Film

Ignobility: Gimme Danger

by / Nov. 2, 2016 12am EST

The cameraman in the first interview clip we see tells us that “We are interrogating Jim Osterberg about The Stooges, the greatest rock and roll band ever.” You likely know Jim better as Iggy Pop, and if you need to be told that said Stooges are not Curly, Larry and Moe but rather the band that came out of Ann Arbor, Michigan in the late 1960s, then this is not the movie for you.

That cameraman is Jim Jarmusch, paying tribute to one of his lifelong heroes. Unlike his previous music documentary, Year of the Horse, which chronicled Neil Young’s mid-1990s reunion tour with Crazy Horse, Gimme Danger is short on music and long on reminiscences, mostly from Iggy but also from Ron Asheton, Scott Asheton, James Williamson, Steve Mackay and Mike Watt. Presumably this is because there isn’t a whole lot of live footage featuring the original band in the late 1960s and early 1970s. And while Jarmusch works in as much performance film as he can, it’s clear that watching Iggy and the Stooges on film isn’t much of a substitute for seeing them live in the day.
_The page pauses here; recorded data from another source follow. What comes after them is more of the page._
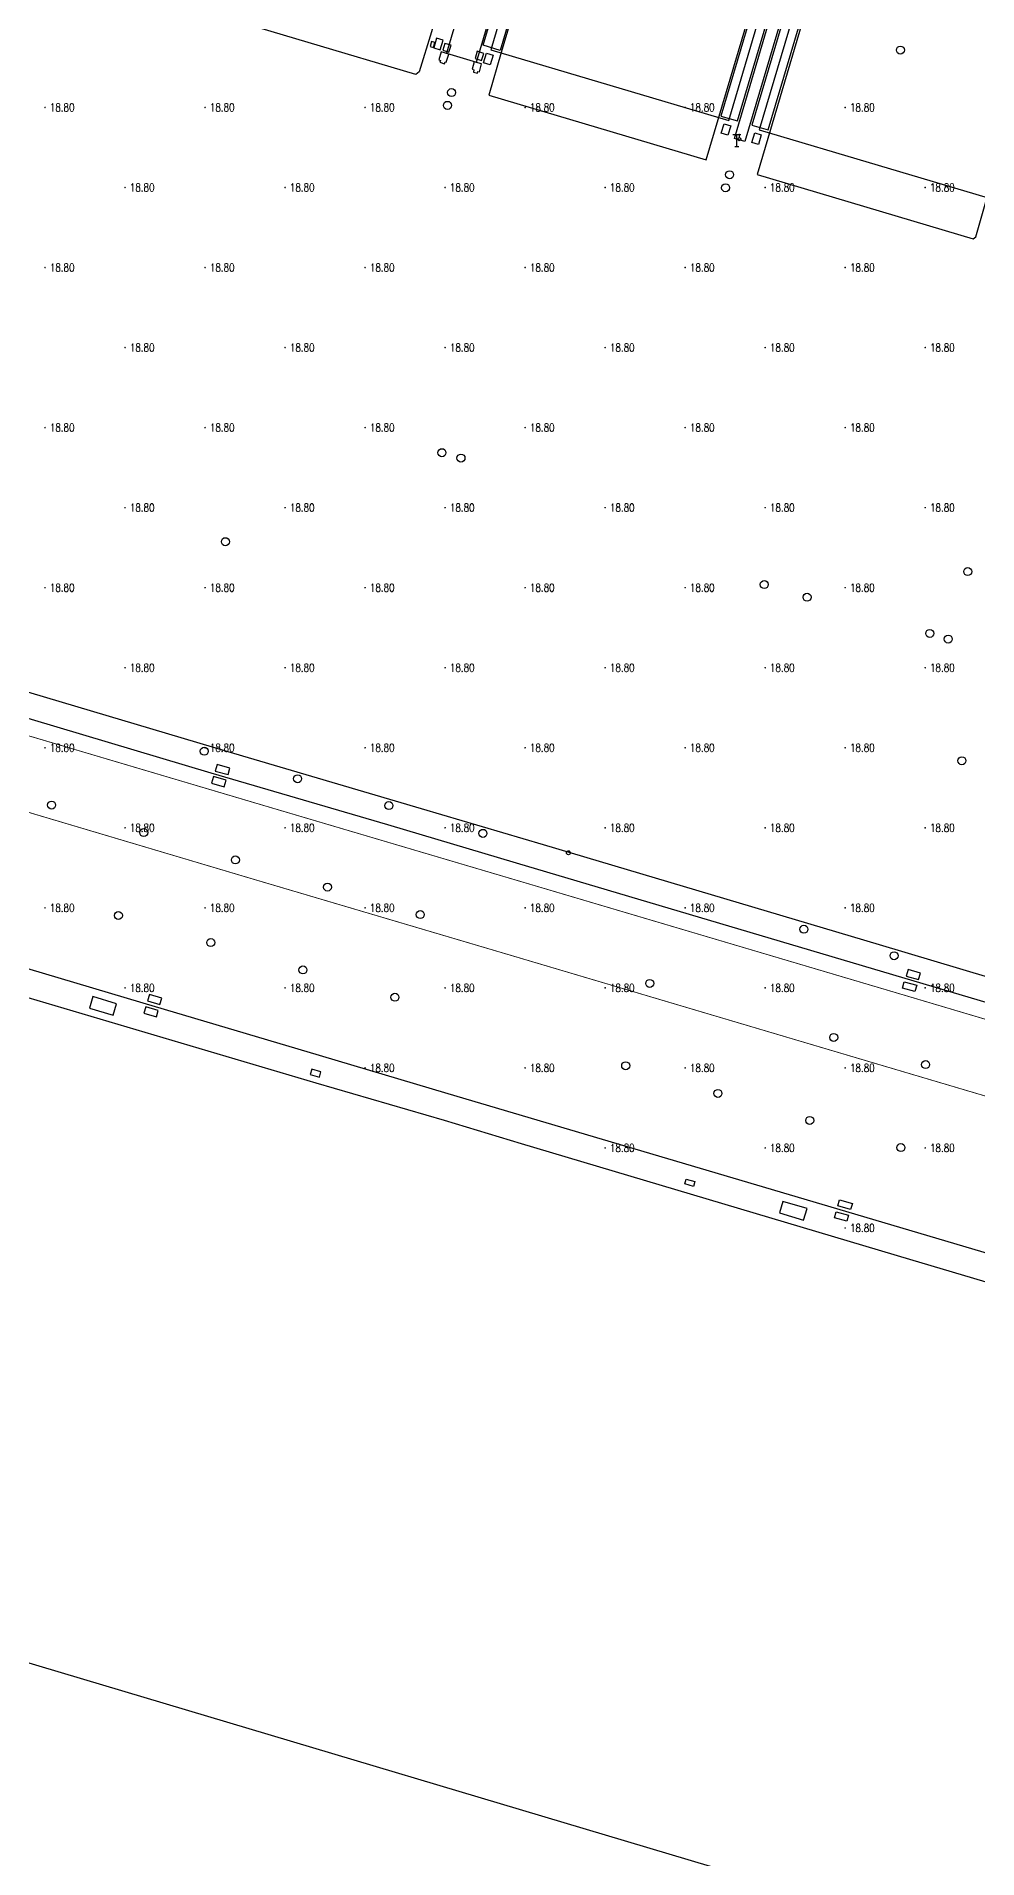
# Model space of a CAD drawing. Extents: x 404846 to 408477, y 3390929 to 3392894.
# Drawn here: x 405950.3 to 406067.9, y 3391535.6 to 3391763.3 of the extents above; entities that cross this region are included whole.
import ezdxf
from ezdxf.enums import TextEntityAlignment as Align

# ---------------------------------------------------------------- set-up
doc = ezdxf.new("R2010")
doc.units = 0
doc.header["$LTSCALE"] = 0.5
doc.header["$PDSIZE"] = 0.2
doc.layers.get('0').update_dxf_attribs({"linetype": 'CONTINUOUS'})
for name, color, linetype in [('3221', 6, 'CONTINUOUS'), ('DLSS', 4, 'CONTINUOUS'), ('FZTZ', 7, 'CONTINUOUS'), ('GCD', 1, 'CONTINUOUS'), ('GXYZ', 2, 'CONTINUOUS'), ('JMD', 6, 'CONTINUOUS'), ('ZBTZ', 3, 'CONTINUOUS'), ('作业范围', 7, 'CONTINUOUS')]:
    doc.layers.add(name, color=color, linetype=linetype)
doc.styles.add('HZ', font='rs.shx', dxfattribs={"width": 0.8, "bigfont": 'hztxt.shx'})
doc.linetypes.add('1161', pattern='A,0,[149,AAA.SHX,S=0.15,R=0,X=0,Y=0],-1.6', length=1.6)
doc.linetypes.add('444', pattern='A,4.5,[145,AAA.SHX,S=1,R=0,X=0,Y=1],4.5,-0.5,[146,AAA.SHX,S=1,R=0,X=0,Y=0],-0.5', length=10)

# ---------------------------------------------------------------- blocks, each defined once
blk = doc.blocks.new('gc063')
for p, q in [((-1, 3), (1, 3)), ((-0.5, 0), (0.5, 0)), ((0, 0), (0, 3)), ((0.6, 3), (0.6, 2.2))]:
    blk.add_line(p, q)
blk.add_circle((0.6, 1.8), 0.4)
blk.add_point((0.6, 3))
blk.add_point((0.6, 3))
blk = doc.blocks.new('GC200')
at = {"linetype": 'Continuous', "const_width": 0.2, "flags": 128}
blk.add_lwpolyline([(-0.1, 0, 1), (0.1, 0, 1)], format="xyb", close=True, dxfattribs=at)
blk = doc.blocks.new('gc170')
at = {"linetype": 'Continuous'}
blk.add_circle((0, 0), 0.5, dxfattribs=at)
blk = doc.blocks.new('gc188')
blk.add_circle((0, 0), 1)

msp = doc.modelspace()

# ---------------------------------------------------------------- linework, layer by layer
at = {"layer": '3221', "color": 6}
for points in [[(406016.079, 3391791.968, 18.811), (406007.09, 3391761.577, 18.838), (406036.804, 3391752.74, 18.838), (406045.806, 3391783.176, 18.811)], [(406049.899, 3391782.875, 18.834), (406040.621, 3391751.565, 18.802), (406070.344, 3391742.758, 18.802), (406079.622, 3391774.067, 18.834)], [(405808.271, 3391719.92, 19.638), (405830.758, 3391713.274, 19.26), (405874.14, 3391700.367, 19.474), (405924.657, 3391685.396, 19.144), (405936.752, 3391681.798, 19.114), (405972.082, 3391671.265, 19.695), (405994.146, 3391664.784, 19.216), (406010.252, 3391660.021, 18.977), (406061.062, 3391644.905, 19.137), (406101.252, 3391633.013, 19.101)], [(405799.769, 3391691.15, 19.638), (405822.229, 3391684.512, 19.26), (405865.595, 3391671.61, 19.474), (405916.122, 3391656.635, 19.144), (405928.2, 3391653.043, 19.114), (405928.181, 3391653.049, 19.114), (405963.569, 3391642.499, 19.695), (405985.618, 3391635.987, 19.216), (406001.709, 3391631.191, 18.977), (406052.507, 3391616.15, 19.137), (406092.74, 3391604.246, 19.101), (406092.747, 3391604.244, 19.101), (406123.114, 3391595.266, 19.424), (406154.17, 3391585.997, 19.424), (406187.854, 3391576.04, 19.394)]]:
    msp.add_polyline3d(points, dxfattribs=at)
at = {"layer": 'DLSS', "linetype": 'Continuous', "const_width": 0.1, "flags": 128}
for points, elevation in [([(405809.159, 3391717.437), (405833.012, 3391710.397), (405842.857, 3391707.455), (405891.672, 3391692.952), (405935.048, 3391680.099), (405979.702, 3391666.866), (406011.617, 3391657.429)], 19.316), ([(405932.447, 3391671.321), (405977.088, 3391658.049), (406009.01, 3391648.611), (406055.584, 3391634.8), (406098.087, 3391622.21), (406148.1, 3391607.353), (406197.598, 3391592.671)], 19.238), ([(406011.617, 3391657.429), (406058.199, 3391643.628)], 18.937), ([(406058.199, 3391643.628), (406100.699, 3391631.004), (406150.704, 3391616.115), (406200.198, 3391601.434)], 19.247)]:
    msp.add_lwpolyline(points, dxfattribs=dict(at, elevation=elevation))
at = {"layer": 'DLSS', "linetype": 'Continuous', "flags": 128}
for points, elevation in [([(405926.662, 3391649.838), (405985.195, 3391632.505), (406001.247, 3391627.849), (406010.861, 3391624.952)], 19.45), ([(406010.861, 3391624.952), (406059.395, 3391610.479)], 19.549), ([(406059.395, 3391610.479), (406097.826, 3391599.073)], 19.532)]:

Those last three words are key. In the early 1970s, the world hadn’t seen a band like this, influenced as much by free jazz and Harry Partch as by Chuck Berry or Bo Diddley. But to call them the first punk band doesn’t entirely do them justice: that they weren’t just interested in being loud and obnoxious is the biggest takeaway non-fans will get from Gimme Danger. (In an old interview clip, Iggy talks about the difference between Dionysic and Apollonian art.)

This could be why Jarmusch seems to slight the behavior that made Iggy, without whom the band likely never would have played outside of Michigan, such a riveting front man: his fearless, even stupid onstage behavior, which included such physically ruinous activities as diving into the audience and rolling bare-chested on broken glass.

That Iggy is substantially more genial and witty than his fearsome stage performances would indicate is by now well established. Still, he’s the best reason to see the film if you’re not a Stoogephile. His memories of a warm childhood are touching (when you live in a trailer with your parents and they let you take over the living room as a space for your drum rehearsals, you know they love you). And he’s nothing if not sincere, but never pompous. Gimme Danger is a love letter from a fan: it avoids a lot of nasty details, but makes you feel that you didn’t really need them anyway.